Task brief → Show the lines of the material that contain the word "horizontal".
————————
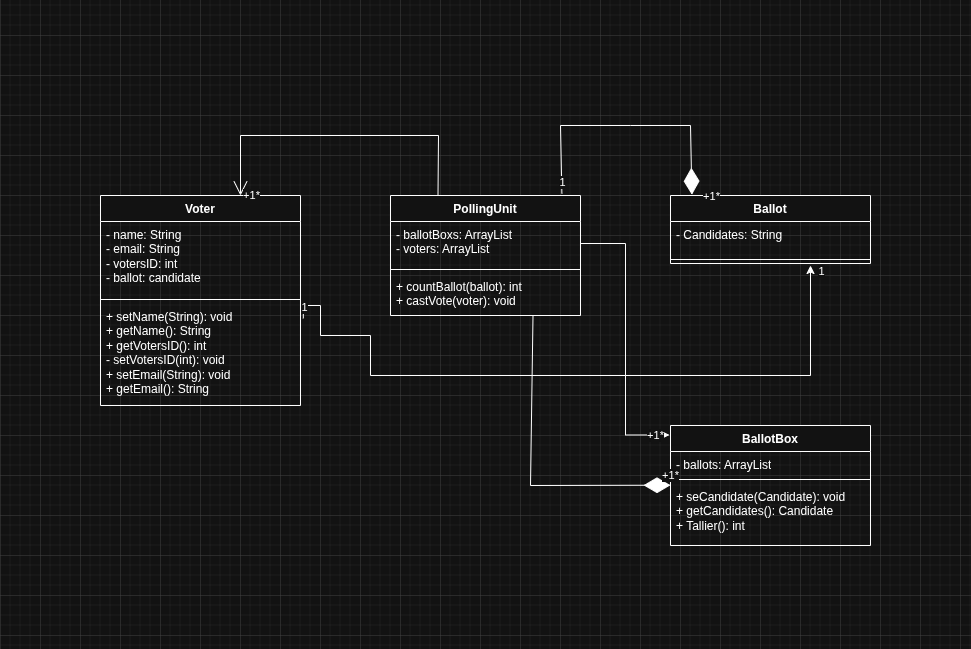

The diagram above was exported from draw.io. Its source (the exported page's mxGraphModel, read from the mxfile embedded in the PNG):
<mxGraphModel dx="1103" dy="671" grid="1" gridSize="10" guides="1" tooltips="1" connect="1" arrows="1" fold="1" page="1" pageScale="1" pageWidth="827" pageHeight="1169" math="0" shadow="0">
  <root>
    <mxCell id="0" />
    <mxCell id="1" parent="0" />
    <mxCell id="PW6La0yqs-rSQxVBpr1v-1" value="PollingUnit" style="swimlane;fontStyle=1;align=center;verticalAlign=top;childLayout=stackLayout;horizontal=1;startSize=26;horizontalStack=0;resizeParent=1;resizeParentMax=0;resizeLast=0;collapsible=1;marginBottom=0;whiteSpace=wrap;html=1;" parent="1" vertex="1">
      <mxGeometry x="310" y="240" width="190" height="120" as="geometry" />
    </mxCell>
    <mxCell id="PW6La0yqs-rSQxVBpr1v-2" value="- ballotBoxs: ArrayList&lt;div&gt;- voters: ArrayList&lt;/div&gt;" style="text;strokeColor=none;fillColor=none;align=left;verticalAlign=top;spacingLeft=4;spacingRight=4;overflow=hidden;rotatable=0;points=[[0,0.5],[1,0.5]];portConstraint=eastwest;whiteSpace=wrap;html=1;" parent="PW6La0yqs-rSQxVBpr1v-1" vertex="1">
      <mxGeometry y="26" width="190" height="44" as="geometry" />
    </mxCell>
    <mxCell id="PW6La0yqs-rSQxVBpr1v-3" value="" style="line;strokeWidth=1;fillColor=none;align=left;verticalAlign=middle;spacingTop=-1;spacingLeft=3;spacingRight=3;rotatable=0;labelPosition=right;points=[];portConstraint=eastwest;strokeColor=inherit;" parent="PW6La0yqs-rSQxVBpr1v-1" vertex="1">
      <mxGeometry y="70" width="190" height="8" as="geometry" />
    </mxCell>
    <mxCell id="PW6La0yqs-rSQxVBpr1v-4" value="+ countBallot(ballot): int&lt;div&gt;+ castVote(voter): void&lt;/div&gt;" style="text;strokeColor=none;fillColor=none;align=left;verticalAlign=top;spacingLeft=4;spacingRight=4;overflow=hidden;rotatable=0;points=[[0,0.5],[1,0.5]];portConstraint=eastwest;whiteSpace=wrap;html=1;" parent="PW6La0yqs-rSQxVBpr1v-1" vertex="1">
      <mxGeometry y="78" width="190" height="42" as="geometry" />
    </mxCell>
    <mxCell id="PW6La0yqs-rSQxVBpr1v-5" value="Voter" style="swimlane;fontStyle=1;align=center;verticalAlign=top;childLayout=stackLayout;horizontal=1;startSize=26;horizontalStack=0;resizeParent=1;resizeParentMax=0;resizeLast=0;collapsible=1;marginBottom=0;whiteSpace=wrap;html=1;" parent="1" vertex="1">
      <mxGeometry x="20" y="240" width="200" height="210" as="geometry" />
    </mxCell>
    <mxCell id="PW6La0yqs-rSQxVBpr1v-6" value="- name: String&lt;div&gt;- email: String&lt;br&gt;&lt;div&gt;- votersID: int&lt;/div&gt;&lt;/div&gt;&lt;div&gt;- ballot: candidate&lt;/div&gt;" style="text;strokeColor=none;fillColor=none;align=left;verticalAlign=top;spacingLeft=4;spacingRight=4;overflow=hidden;rotatable=0;points=[[0,0.5],[1,0.5]];portConstraint=eastwest;whiteSpace=wrap;html=1;" parent="PW6La0yqs-rSQxVBpr1v-5" vertex="1">
      <mxGeometry y="26" width="200" height="74" as="geometry" />
    </mxCell>
    <mxCell id="PW6La0yqs-rSQxVBpr1v-7" value="" style="line;strokeWidth=1;fillColor=none;align=left;verticalAlign=middle;spacingTop=-1;spacingLeft=3;spacingRight=3;rotatable=0;labelPosition=right;points=[];portConstraint=eastwest;strokeColor=inherit;" parent="PW6La0yqs-rSQxVBpr1v-5" vertex="1">
      <mxGeometry y="100" width="200" height="8" as="geometry" />
    </mxCell>
    <mxCell id="PW6La0yqs-rSQxVBpr1v-8" value="+ setName(String): void&lt;div&gt;+ getName(): String&lt;/div&gt;&lt;div&gt;+ getVotersID(): int&lt;/div&gt;&lt;div&gt;- setVotersID(int): void&lt;/div&gt;&lt;div&gt;+ setEmail(String): void&lt;/div&gt;&lt;div&gt;+ getEmail(): String&lt;/div&gt;" style="text;strokeColor=none;fillColor=none;align=left;verticalAlign=top;spacingLeft=4;spacingRight=4;overflow=hidden;rotatable=0;points=[[0,0.5],[1,0.5]];portConstraint=eastwest;whiteSpace=wrap;html=1;" parent="PW6La0yqs-rSQxVBpr1v-5" vertex="1">
      <mxGeometry y="108" width="200" height="102" as="geometry" />
    </mxCell>
    <mxCell id="PW6La0yqs-rSQxVBpr1v-29" value="BallotBox" style="swimlane;fontStyle=1;align=center;verticalAlign=top;childLayout=stackLayout;horizontal=1;startSize=26;horizontalStack=0;resizeParent=1;resizeParentMax=0;resizeLast=0;collapsible=1;marginBottom=0;whiteSpace=wrap;html=1;" parent="1" vertex="1">
      <mxGeometry x="590" y="470" width="200" height="120" as="geometry" />
    </mxCell>
    <mxCell id="PW6La0yqs-rSQxVBpr1v-30" value="- ballots: ArrayList" style="text;strokeColor=none;fillColor=none;align=left;verticalAlign=top;spacingLeft=4;spacingRight=4;overflow=hidden;rotatable=0;points=[[0,0.5],[1,0.5]];portConstraint=eastwest;whiteSpace=wrap;html=1;" parent="PW6La0yqs-rSQxVBpr1v-29" vertex="1">
      <mxGeometry y="26" width="200" height="24" as="geometry" />
    </mxCell>
    <mxCell id="PW6La0yqs-rSQxVBpr1v-31" value="" style="line;strokeWidth=1;fillColor=none;align=left;verticalAlign=middle;spacingTop=-1;spacingLeft=3;spacingRight=3;rotatable=0;labelPosition=right;points=[];portConstraint=eastwest;strokeColor=inherit;" parent="PW6La0yqs-rSQxVBpr1v-29" vertex="1">
      <mxGeometry y="50" width="200" height="8" as="geometry" />
    </mxCell>
    <mxCell id="PW6La0yqs-rSQxVBpr1v-32" value="+ seCandidate(Candidate): void&lt;div&gt;+ getCandidates(): Candidate&lt;/div&gt;&lt;div&gt;&lt;div&gt;+ Tallier(): int&lt;/div&gt;&lt;/div&gt;" style="text;strokeColor=none;fillColor=none;align=left;verticalAlign=top;spacingLeft=4;spacingRight=4;overflow=hidden;rotatable=0;points=[[0,0.5],[1,0.5]];portConstraint=eastwest;whiteSpace=wrap;html=1;" parent="PW6La0yqs-rSQxVBpr1v-29" vertex="1">
      <mxGeometry y="58" width="200" height="62" as="geometry" />
    </mxCell>
    <mxCell id="PW6La0yqs-rSQxVBpr1v-33" value="Ballot" style="swimlane;fontStyle=1;align=center;verticalAlign=top;childLayout=stackLayout;horizontal=1;startSize=26;horizontalStack=0;resizeParent=1;resizeParentMax=0;resizeLast=0;collapsible=1;marginBottom=0;whiteSpace=wrap;html=1;" parent="1" vertex="1">
      <mxGeometry x="590" y="240" width="200" height="68" as="geometry" />
    </mxCell>
    <mxCell id="PW6La0yqs-rSQxVBpr1v-34" value="- Candidates: String" style="text;strokeColor=none;fillColor=none;align=left;verticalAlign=top;spacingLeft=4;spacingRight=4;overflow=hidden;rotatable=0;points=[[0,0.5],[1,0.5]];portConstraint=eastwest;whiteSpace=wrap;html=1;" parent="PW6La0yqs-rSQxVBpr1v-33" vertex="1">
      <mxGeometry y="26" width="200" height="34" as="geometry" />
    </mxCell>
    <mxCell id="PW6La0yqs-rSQxVBpr1v-35" value="" style="line;strokeWidth=1;fillColor=none;align=left;verticalAlign=middle;spacingTop=-1;spacingLeft=3;spacingRight=3;rotatable=0;labelPosition=right;points=[];portConstraint=eastwest;strokeColor=inherit;" parent="PW6La0yqs-rSQxVBpr1v-33" vertex="1">
      <mxGeometry y="60" width="200" height="8" as="geometry" />
    </mxCell>
    <mxCell id="Wea5Q1FjpGfI1chQhfVu-3" style="edgeStyle=orthogonalEdgeStyle;rounded=0;orthogonalLoop=1;jettySize=auto;html=1;exitX=1.014;exitY=0.146;exitDx=0;exitDy=0;exitPerimeter=0;" parent="1" source="PW6La0yqs-rSQxVBpr1v-8" edge="1">
      <mxGeometry relative="1" as="geometry">
        <mxPoint x="230" y="350" as="sourcePoint" />
        <mxPoint x="730" y="310" as="targetPoint" />
        <Array as="points">
          <mxPoint x="223" y="350" />
          <mxPoint x="240" y="350" />
          <mxPoint x="240" y="380" />
          <mxPoint x="290" y="380" />
          <mxPoint x="290" y="420" />
          <mxPoint x="730" y="420" />
        </Array>
      </mxGeometry>
    </mxCell>
    <mxCell id="Wea5Q1FjpGfI1chQhfVu-4" value="1" style="edgeLabel;html=1;align=center;verticalAlign=middle;resizable=0;points=[];" parent="Wea5Q1FjpGfI1chQhfVu-3" vertex="1" connectable="0">
      <mxGeometry x="0.9859" relative="1" as="geometry">
        <mxPoint x="10" as="offset" />
      </mxGeometry>
    </mxCell>
    <mxCell id="Wea5Q1FjpGfI1chQhfVu-5" value="1" style="edgeLabel;html=1;align=center;verticalAlign=middle;resizable=0;points=[];" parent="Wea5Q1FjpGfI1chQhfVu-3" vertex="1" connectable="0">
      <mxGeometry x="-0.9695" y="-1" relative="1" as="geometry">
        <mxPoint as="offset" />
      </mxGeometry>
    </mxCell>
    <mxCell id="Wea5Q1FjpGfI1chQhfVu-7" style="edgeStyle=orthogonalEdgeStyle;rounded=0;orthogonalLoop=1;jettySize=auto;html=1;exitX=1;exitY=0.5;exitDx=0;exitDy=0;entryX=-0.005;entryY=0.079;entryDx=0;entryDy=0;entryPerimeter=0;" parent="1" source="PW6La0yqs-rSQxVBpr1v-2" target="PW6La0yqs-rSQxVBpr1v-29" edge="1">
      <mxGeometry relative="1" as="geometry" />
    </mxCell>
    <mxCell id="Wea5Q1FjpGfI1chQhfVu-9" value="+1*" style="edgeLabel;html=1;align=center;verticalAlign=middle;resizable=0;points=[];" parent="Wea5Q1FjpGfI1chQhfVu-7" vertex="1" connectable="0">
      <mxGeometry x="0.8938" relative="1" as="geometry">
        <mxPoint as="offset" />
      </mxGeometry>
    </mxCell>
    <mxCell id="Wea5Q1FjpGfI1chQhfVu-10" value="" style="endArrow=diamondThin;endFill=1;endSize=24;html=1;rounded=0;exitX=0.902;exitY=-0.017;exitDx=0;exitDy=0;exitPerimeter=0;entryX=0.107;entryY=-0.012;entryDx=0;entryDy=0;entryPerimeter=0;" parent="1" source="PW6La0yqs-rSQxVBpr1v-1" target="PW6La0yqs-rSQxVBpr1v-33" edge="1">
      <mxGeometry width="160" relative="1" as="geometry">
        <mxPoint x="450" y="170" as="sourcePoint" />
        <mxPoint x="670" y="170" as="targetPoint" />
        <Array as="points">
          <mxPoint x="480" y="170" />
          <mxPoint x="550" y="170" />
          <mxPoint x="610" y="170" />
        </Array>
      </mxGeometry>
    </mxCell>
    <mxCell id="Wea5Q1FjpGfI1chQhfVu-11" value="1" style="edgeLabel;html=1;align=center;verticalAlign=middle;resizable=0;points=[];" parent="Wea5Q1FjpGfI1chQhfVu-10" vertex="1" connectable="0">
      <mxGeometry x="-0.9192" relative="1" as="geometry">
        <mxPoint as="offset" />
      </mxGeometry>
    </mxCell>
    <mxCell id="Wea5Q1FjpGfI1chQhfVu-12" value="+1*" style="edgeLabel;html=1;align=center;verticalAlign=middle;resizable=0;points=[];" parent="Wea5Q1FjpGfI1chQhfVu-10" vertex="1" connectable="0">
      <mxGeometry x="0.9249" y="2" relative="1" as="geometry">
        <mxPoint x="17" y="12" as="offset" />
      </mxGeometry>
    </mxCell>
    <mxCell id="Wea5Q1FjpGfI1chQhfVu-13" value="" style="endArrow=diamondThin;endFill=1;endSize=24;html=1;rounded=0;exitX=0.75;exitY=1;exitDx=0;exitDy=0;" parent="1" source="PW6La0yqs-rSQxVBpr1v-1" edge="1">
      <mxGeometry width="160" relative="1" as="geometry">
        <mxPoint x="430" y="529.71" as="sourcePoint" />
        <mxPoint x="590" y="529.71" as="targetPoint" />
        <Array as="points">
          <mxPoint x="450" y="530" />
        </Array>
      </mxGeometry>
    </mxCell>
    <mxCell id="Wea5Q1FjpGfI1chQhfVu-14" value="+1*" style="edgeLabel;html=1;align=center;verticalAlign=middle;resizable=0;points=[];" parent="Wea5Q1FjpGfI1chQhfVu-13" vertex="1" connectable="0">
      <mxGeometry x="0.9634" y="-2" relative="1" as="geometry">
        <mxPoint x="6" y="-12" as="offset" />
      </mxGeometry>
    </mxCell>
    <mxCell id="Wea5Q1FjpGfI1chQhfVu-15" value="" style="endArrow=open;endFill=1;endSize=12;html=1;rounded=0;entryX=0.7;entryY=0;entryDx=0;entryDy=0;entryPerimeter=0;exitX=0.25;exitY=0;exitDx=0;exitDy=0;" parent="1" source="PW6La0yqs-rSQxVBpr1v-1" target="PW6La0yqs-rSQxVBpr1v-5" edge="1">
      <mxGeometry width="160" relative="1" as="geometry">
        <mxPoint x="380" y="170" as="sourcePoint" />
        <mxPoint x="320" y="170" as="targetPoint" />
        <Array as="points">
          <mxPoint x="358" y="180" />
          <mxPoint x="160" y="180" />
        </Array>
      </mxGeometry>
    </mxCell>
    <mxCell id="Wea5Q1FjpGfI1chQhfVu-16" value="+1*" style="edgeLabel;html=1;align=center;verticalAlign=middle;resizable=0;points=[];" parent="Wea5Q1FjpGfI1chQhfVu-15" vertex="1" connectable="0">
      <mxGeometry x="0.9711" y="1" relative="1" as="geometry">
        <mxPoint x="9" y="5" as="offset" />
      </mxGeometry>
    </mxCell>
  </root>
</mxGraphModel>
————————
Written solution →
    <mxCell id="PW6La0yqs-rSQxVBpr1v-1" value="PollingUnit" style="swimlane;fontStyle=1;align=center;verticalAlign=top;childLayout=stackLayout;horizontal=1;startSize=26;horizontalStack=0;resizeParent=1;resizeParentMax=0;resizeLast=0;collapsible=1;marginBottom=0;whiteSpace=wrap;html=1;" parent="1" vertex="1">
    <mxCell id="PW6La0yqs-rSQxVBpr1v-5" value="Voter" style="swimlane;fontStyle=1;align=center;verticalAlign=top;childLayout=stackLayout;horizontal=1;startSize=26;horizontalStack=0;resizeParent=1;resizeParentMax=0;resizeLast=0;collapsible=1;marginBottom=0;whiteSpace=wrap;html=1;" parent="1" vertex="1">
    <mxCell id="PW6La0yqs-rSQxVBpr1v-29" value="BallotBox" style="swimlane;fontStyle=1;align=center;verticalAlign=top;childLayout=stackLayout;horizontal=1;startSize=26;horizontalStack=0;resizeParent=1;resizeParentMax=0;resizeLast=0;collapsible=1;marginBottom=0;whiteSpace=wrap;html=1;" parent="1" vertex="1">
    <mxCell id="PW6La0yqs-rSQxVBpr1v-33" value="Ballot" style="swimlane;fontStyle=1;align=center;verticalAlign=top;childLayout=stackLayout;horizontal=1;startSize=26;horizontalStack=0;resizeParent=1;resizeParentMax=0;resizeLast=0;collapsible=1;marginBottom=0;whiteSpace=wrap;html=1;" parent="1" vertex="1">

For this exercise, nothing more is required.